Other changes to clarify the bill seek to eliminate ambiguity or language discrepancies in our criminal law. The government proposes such changes on a regular basis to maintain the quality and clarity of the legislation for which it is responsible and to ensure the effectiveness and the proper functioning of our criminal law system.

Criminal Code April 11th, 2003

moved for leave to introduce Bill C-32, An Act to amend the Criminal Code and other Acts.

(Motions deemed adopted, bill read the first time and printed)

Organized Crime April 11th, 2003

Mr. Speaker, as the House and all Canadians know I cannot comment on a specific case.

However, if we look at the legislation to which the member is referring, it involves many departments. It involves the Department of Public Works, the Solicitor General's department and Justice Canada. The three departments are working together. As I have already said, the legislation is under review at the present time.

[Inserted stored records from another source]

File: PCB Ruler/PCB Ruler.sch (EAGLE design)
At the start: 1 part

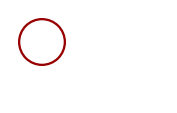
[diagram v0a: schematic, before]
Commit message: Updated website on silkscreen
Signed-off-by: Cruz Monrreal II <Cruz.Monrreal@gmail.com>
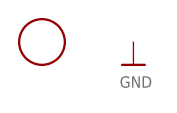
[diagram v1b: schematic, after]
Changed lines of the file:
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@@
 <layers>
 <layer number="1" name="Top" color="4" fill="1" visible="no" active="no"/>
+<layer number="2" name="Route2" color="1" fill="3" visible="no" active="no"/>
+<layer number="3" name="Route3" color="4" fill="3" visible="no" active="no"/>
+<layer number="4" name="Route4" color="1" fill="4" visible="no" active="no"/>
+<layer number="5" name="Route5" color="4" fill="4" visible="no" active="no"/>
+<layer number="6" name="Route6" color="1" fill="8" visible="no" active="no"/>
+<layer number="7" name="Route7" color="4" fill="8" visible="no" active="no"/>
+<layer number="8" name="Route8" color="1" fill="2" visible="no" active="no"/>
+<layer number="9" name="Route9" color="4" fill="2" visible="no" active="no"/>
+<layer number="10" name="Route10" color="1" fill="7" visible="no" active="no"/>
+<layer number="11" name="Route11" color="4" fill="7" visible="no" active="no"/>
+<layer number="12" name="Route12" color="1" fill="5" visible="no" active="no"/>
+<layer number="13" name="Route13" color="4" fill="5" visible="no" active="no"/>
+<layer number="14" name="Route14" color="1" fill="6" visible="no" active="no"/>
+<layer number="15" name="Route15" color="4" fill="6" visible="no" active="no"/>
 <layer number="16" name="Bottom" color="1" fill="1" visible="no" active="no"/>
 <layer number="17" name="Pads" color="2" fill="1" visible="no" active="no"/>
@@
 <layer number="109" name="fp9" color="7" fill="1" visible="yes" active="yes"/>
 <layer number="110" name="fp0" color="7" fill="1" visible="yes" active="yes"/>
+<layer number="111" name="MPL" color="7" fill="1" visible="yes" active="yes"/>
+<layer number="112" name="tSilk" color="7" fill="1" visible="yes" active="yes"/>
 <layer number="116" name="Patch_BOT" color="9" fill="4" visible="yes" active="yes"/>
 <layer number="121" name="_tsilk" color="7" fill="1" visible="yes" active="yes"/>
@@
 <layer number="123" name="tTestmark" color="7" fill="1" visible="yes" active="yes"/>
 <layer number="124" name="bTestmark" color="7" fill="1" visible="yes" active="yes"/>
+<layer number="125" name="_tNames" color="7" fill="1" visible="yes" active="yes"/>
+<layer number="126" name="_bNames" color="7" fill="1" visible="yes" active="yes"/>
+<layer number="127" name="_tValues" color="7" fill="1" visible="yes" active="yes"/>
+<layer number="128" name="_bValues" color="7" fill="1" visible="yes" active="yes"/>
 <layer number="131" name="tAdjust" color="7" fill="1" visible="yes" active="yes"/>
 <layer number="132" name="bAdjust" color="7" fill="1" visible="yes" active="yes"/>
 <layer number="144" name="Drill_legend" color="7" fill="1" visible="yes" active="yes"/>
 <layer number="151" name="HeatSink" color="7" fill="1" visible="yes" active="yes"/>
+<layer number="152" name="_bDocu" color="7" fill="1" visible="yes" active="yes"/>
 <layer number="199" name="Contour" color="7" fill="1" visible="yes" active="yes"/>
 <layer number="200" name="200bmp" color="1" fill="10" visible="yes" active="yes"/>
@@
 <layer number="215" name="215bmp" color="7" fill="1" visible="yes" active="yes"/>
 <layer number="216" name="216bmp" color="7" fill="1" visible="yes" active="yes"/>
+<layer number="248" name="Housing" color="7" fill="1" visible="yes" active="yes"/>
+<layer number="249" name="Edge" color="7" fill="1" visible="yes" active="yes"/>
 <layer number="250" name="Descript" color="3" fill="1" visible="no" active="no"/>
 <layer number="251" name="SMDround" color="12" fill="11" visible="no" active="no"/>
@@
 <part name="U$1" library="thinkmaketest" deviceset="A4_LAYOUT" device=""/>
 <part name="U$2" library="adafruit" deviceset="FIDUCIAL" device=""/>
+<part name="U$3" library="microbuilder" deviceset="GND" device=""/>
 </parts>
 <sheets>
@@
 <instance part="U$1" gate="G$1" x="0" y="0"/>
 <instance part="U$2" gate="G$1" x="109.22" y="119.38"/>
+<instance part="U$3" gate="G$1" x="119.38" y="116.84"/>
 </instances>
 <busses>

Organized Crime April 11th, 2003

Mr. Speaker, the member knows very well that he is referring to a specific case, so I will not talk about that specific case.

However, on a general basis, on the notion to which he is referring, many departments are involved. The Solicitor General's department is involved as are the Department of Public Works and Justice Canada. The three departments are working together. I would also like to tell the member that the existing legislation is under review.

Justice April 11th, 2003

Mr. Speaker, essentially the hon. member is referring to the Criminal Code. To be more precise, he is referring to a principle about sentencing. We find those principles about sentencing in a section of the Criminal Code. I would just like to say that that does not apply when it is a mandatory minimum penalty.

As well, I would like to invite the member to read the Supreme Court case of Regina v. Gladue. In that case there is a good explanation of that section of the Criminal Code and the reason we are using such criteria in the question of sentencing.

Justice April 9th, 2003

Mr. Speaker, I have said many times following the tabling of the amendments to the Divorce Act that the notion that has been chosen by me as justice minister is the notion of parental responsibility, and of course the cornerstone of the legislation as well is the best interests of the child. When he refers to the question of the maximum contact, he should read the bill that we have tabled. He will find under section 16(2) exactly that very principle, which reproduces what was existing. That principle as well is in conformity with the international convention that we are part of.

Justice April 9th, 2003

I am very sorry, Mr. Speaker, but the hon. member in the first question referred directly to a very specific case. As that case is pending before the courts, we all know and Canadians know as well, that it is impossible for me to comment on a specific case when it is before the courts.